» WORK INSTRUCTIONS:
Please repeat the entries below exactly as written, leaving out any images.

Records contained in a dataset
▬▬▬▬▬▬
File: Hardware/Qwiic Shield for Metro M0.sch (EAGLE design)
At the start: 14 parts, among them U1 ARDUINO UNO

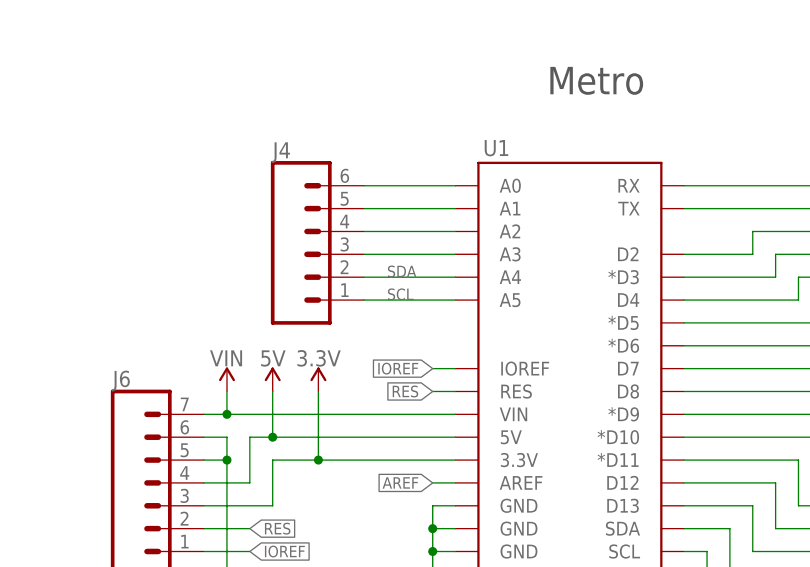
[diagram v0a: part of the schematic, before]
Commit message: Re-routed board to use SCL/SDA instead of A4/A5
The Metro Express M0 cannot use A4/A5 as SCL/SDA, so the previous
version of the shield was completely incompatible with the board.
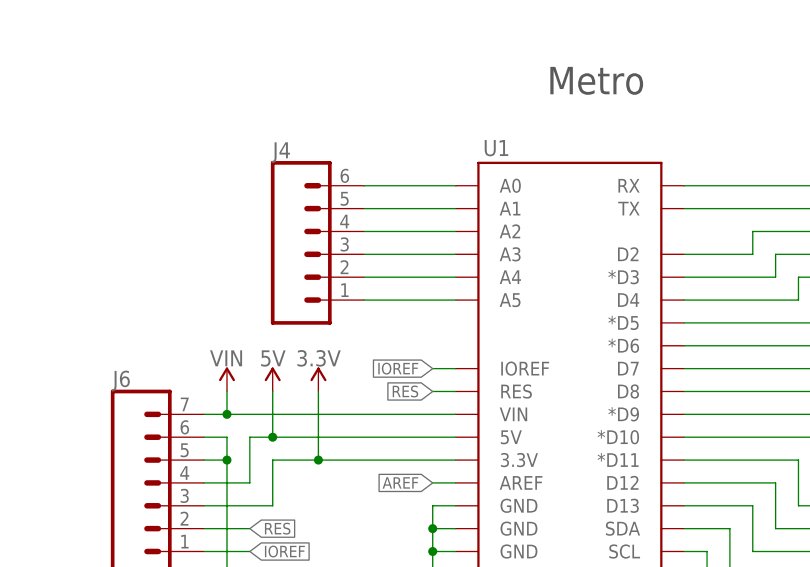
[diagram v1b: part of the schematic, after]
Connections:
- removed net SCL1: J3.10, U1.SCL
- removed net SDA1: J3.9, U1.SDA
- new net A4: J4.2, U1.A4
- new net A5: J4.1, U1.A5
- net SCL: now also J3.10, U1.SCL; no longer J4.1, U1.A5
- net SDA: now also J3.9, U1.SDA; no longer J4.2, U1.A4
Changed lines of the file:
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@@
 </segment>
 <segment>
-<pinref part="U1" gate="G$1" pin="A5"/>
-<pinref part="J4" gate="G$1" pin="1"/>
-<wire x1="132.08" y1="129.54" x2="142.24" y2="129.54" width="0.1524" layer="91"/>
-<label x="134.62" y="129.54" size="1.27" layer="95"/>
+<pinref part="J3" gate="G$1" pin="10"/>
+<wire x1="190.5" y1="91.44" x2="170.18" y2="91.44" width="0.1524" layer="91"/>
+<wire x1="170.18" y1="91.44" x2="170.18" y2="101.6" width="0.1524" layer="91"/>
+<pinref part="U1" gate="G$1" pin="SCL"/>
+<wire x1="170.18" y1="101.6" x2="167.64" y2="101.6" width="0.1524" layer="91"/>
 </segment>
 </net>
@@
 </segment>
 <segment>
-<pinref part="U1" gate="G$1" pin="A4"/>
-<pinref part="J4" gate="G$1" pin="2"/>
-<wire x1="132.08" y1="132.08" x2="142.24" y2="132.08" width="0.1524" layer="91"/>
-<label x="134.62" y="132.08" size="1.27" layer="95"/>
+<pinref part="U1" gate="G$1" pin="SDA"/>
+<wire x1="167.64" y1="104.14" x2="172.72" y2="104.14" width="0.1524" layer="91"/>
+<wire x1="172.72" y1="104.14" x2="172.72" y2="93.98" width="0.1524" layer="91"/>
+<pinref part="J3" gate="G$1" pin="9"/>
+<wire x1="172.72" y1="93.98" x2="190.5" y2="93.98" width="0.1524" layer="91"/>
 </segment>
 </net>
@@
 </segment>
 </net>
-<net name="SCL1" class="0">
-<segment>
-<pinref part="J3" gate="G$1" pin="10"/>
-<wire x1="190.5" y1="91.44" x2="170.18" y2="91.44" width="0.1524" layer="91"/>
-<wire x1="170.18" y1="91.44" x2="170.18" y2="101.6" width="0.1524" layer="91"/>
-<pinref part="U1" gate="G$1" pin="SCL"/>
-<wire x1="170.18" y1="101.6" x2="167.64" y2="101.6" width="0.1524" layer="91"/>
-</segment>
-</net>
-<net name="SDA1" class="0">
-<segment>
-<pinref part="U1" gate="G$1" pin="SDA"/>
-<wire x1="167.64" y1="104.14" x2="172.72" y2="104.14" width="0.1524" layer="91"/>
-<wire x1="172.72" y1="104.14" x2="172.72" y2="93.98" width="0.1524" layer="91"/>
-<pinref part="J3" gate="G$1" pin="9"/>
-<wire x1="172.72" y1="93.98" x2="190.5" y2="93.98" width="0.1524" layer="91"/>
-</segment>
-</net>
+<net name="A5" class="0">
+<segment>
+<pinref part="U1" gate="G$1" pin="A5"/>
+<pinref part="J4" gate="G$1" pin="1"/>
+<wire x1="132.08" y1="129.54" x2="142.24" y2="129.54" width="0.1524" layer="91"/>
+</segment>
+</net>
+<net name="A4" class="0">
+<segment>
+<pinref part="U1" gate="G$1" pin="A4"/>
+<pinref part="J4" gate="G$1" pin="2"/>
+<wire x1="132.08" y1="132.08" x2="142.24" y2="132.08" width="0.1524" layer="91"/>
+</segment>
+</net>
▬▬▬▬▬▬
» TASK ANSWER:
File: Hardware/Qwiic Shield for Metro M0.sch (EAGLE design)
At the start: 14 parts, among them U1 ARDUINO UNO

[diagram v0a: part of the schematic, before]
Commit message: Re-routed board to use SCL/SDA instead of A4/A5
The Metro Express M0 cannot use A4/A5 as SCL/SDA, so the previous
version of the shield was completely incompatible with the board.
[diagram v1b: part of the schematic, after]
Connections:
- removed net SCL1: J3.10, U1.SCL
- removed net SDA1: J3.9, U1.SDA
- new net A4: J4.2, U1.A4
- new net A5: J4.1, U1.A5
- net SCL: now also J3.10, U1.SCL; no longer J4.1, U1.A5
- net SDA: now also J3.9, U1.SDA; no longer J4.2, U1.A4
Changed lines of the file:
@@
 </segment>
 <segment>
-<pinref part="U1" gate="G$1" pin="A5"/>
-<pinref part="J4" gate="G$1" pin="1"/>
-<wire x1="132.08" y1="129.54" x2="142.24" y2="129.54" width="0.1524" layer="91"/>
-<label x="134.62" y="129.54" size="1.27" layer="95"/>
+<pinref part="J3" gate="G$1" pin="10"/>
+<wire x1="190.5" y1="91.44" x2="170.18" y2="91.44" width="0.1524" layer="91"/>
+<wire x1="170.18" y1="91.44" x2="170.18" y2="101.6" width="0.1524" layer="91"/>
+<pinref part="U1" gate="G$1" pin="SCL"/>
+<wire x1="170.18" y1="101.6" x2="167.64" y2="101.6" width="0.1524" layer="91"/>
 </segment>
 </net>
@@
 </segment>
 <segment>
-<pinref part="U1" gate="G$1" pin="A4"/>
-<pinref part="J4" gate="G$1" pin="2"/>
-<wire x1="132.08" y1="132.08" x2="142.24" y2="132.08" width="0.1524" layer="91"/>
-<label x="134.62" y="132.08" size="1.27" layer="95"/>
+<pinref part="U1" gate="G$1" pin="SDA"/>
+<wire x1="167.64" y1="104.14" x2="172.72" y2="104.14" width="0.1524" layer="91"/>
+<wire x1="172.72" y1="104.14" x2="172.72" y2="93.98" width="0.1524" layer="91"/>
+<pinref part="J3" gate="G$1" pin="9"/>
+<wire x1="172.72" y1="93.98" x2="190.5" y2="93.98" width="0.1524" layer="91"/>
 </segment>
 </net>
@@
 </segment>
 </net>
-<net name="SCL1" class="0">
-<segment>
-<pinref part="J3" gate="G$1" pin="10"/>
-<wire x1="190.5" y1="91.44" x2="170.18" y2="91.44" width="0.1524" layer="91"/>
-<wire x1="170.18" y1="91.44" x2="170.18" y2="101.6" width="0.1524" layer="91"/>
-<pinref part="U1" gate="G$1" pin="SCL"/>
-<wire x1="170.18" y1="101.6" x2="167.64" y2="101.6" width="0.1524" layer="91"/>
-</segment>
-</net>
-<net name="SDA1" class="0">
-<segment>
-<pinref part="U1" gate="G$1" pin="SDA"/>
-<wire x1="167.64" y1="104.14" x2="172.72" y2="104.14" width="0.1524" layer="91"/>
-<wire x1="172.72" y1="104.14" x2="172.72" y2="93.98" width="0.1524" layer="91"/>
-<pinref part="J3" gate="G$1" pin="9"/>
-<wire x1="172.72" y1="93.98" x2="190.5" y2="93.98" width="0.1524" layer="91"/>
-</segment>
-</net>
+<net name="A5" class="0">
+<segment>
+<pinref part="U1" gate="G$1" pin="A5"/>
+<pinref part="J4" gate="G$1" pin="1"/>
+<wire x1="132.08" y1="129.54" x2="142.24" y2="129.54" width="0.1524" layer="91"/>
+</segment>
+</net>
+<net name="A4" class="0">
+<segment>
+<pinref part="U1" gate="G$1" pin="A4"/>
+<pinref part="J4" gate="G$1" pin="2"/>
+<wire x1="132.08" y1="132.08" x2="142.24" y2="132.08" width="0.1524" layer="91"/>
+</segment>
+</net>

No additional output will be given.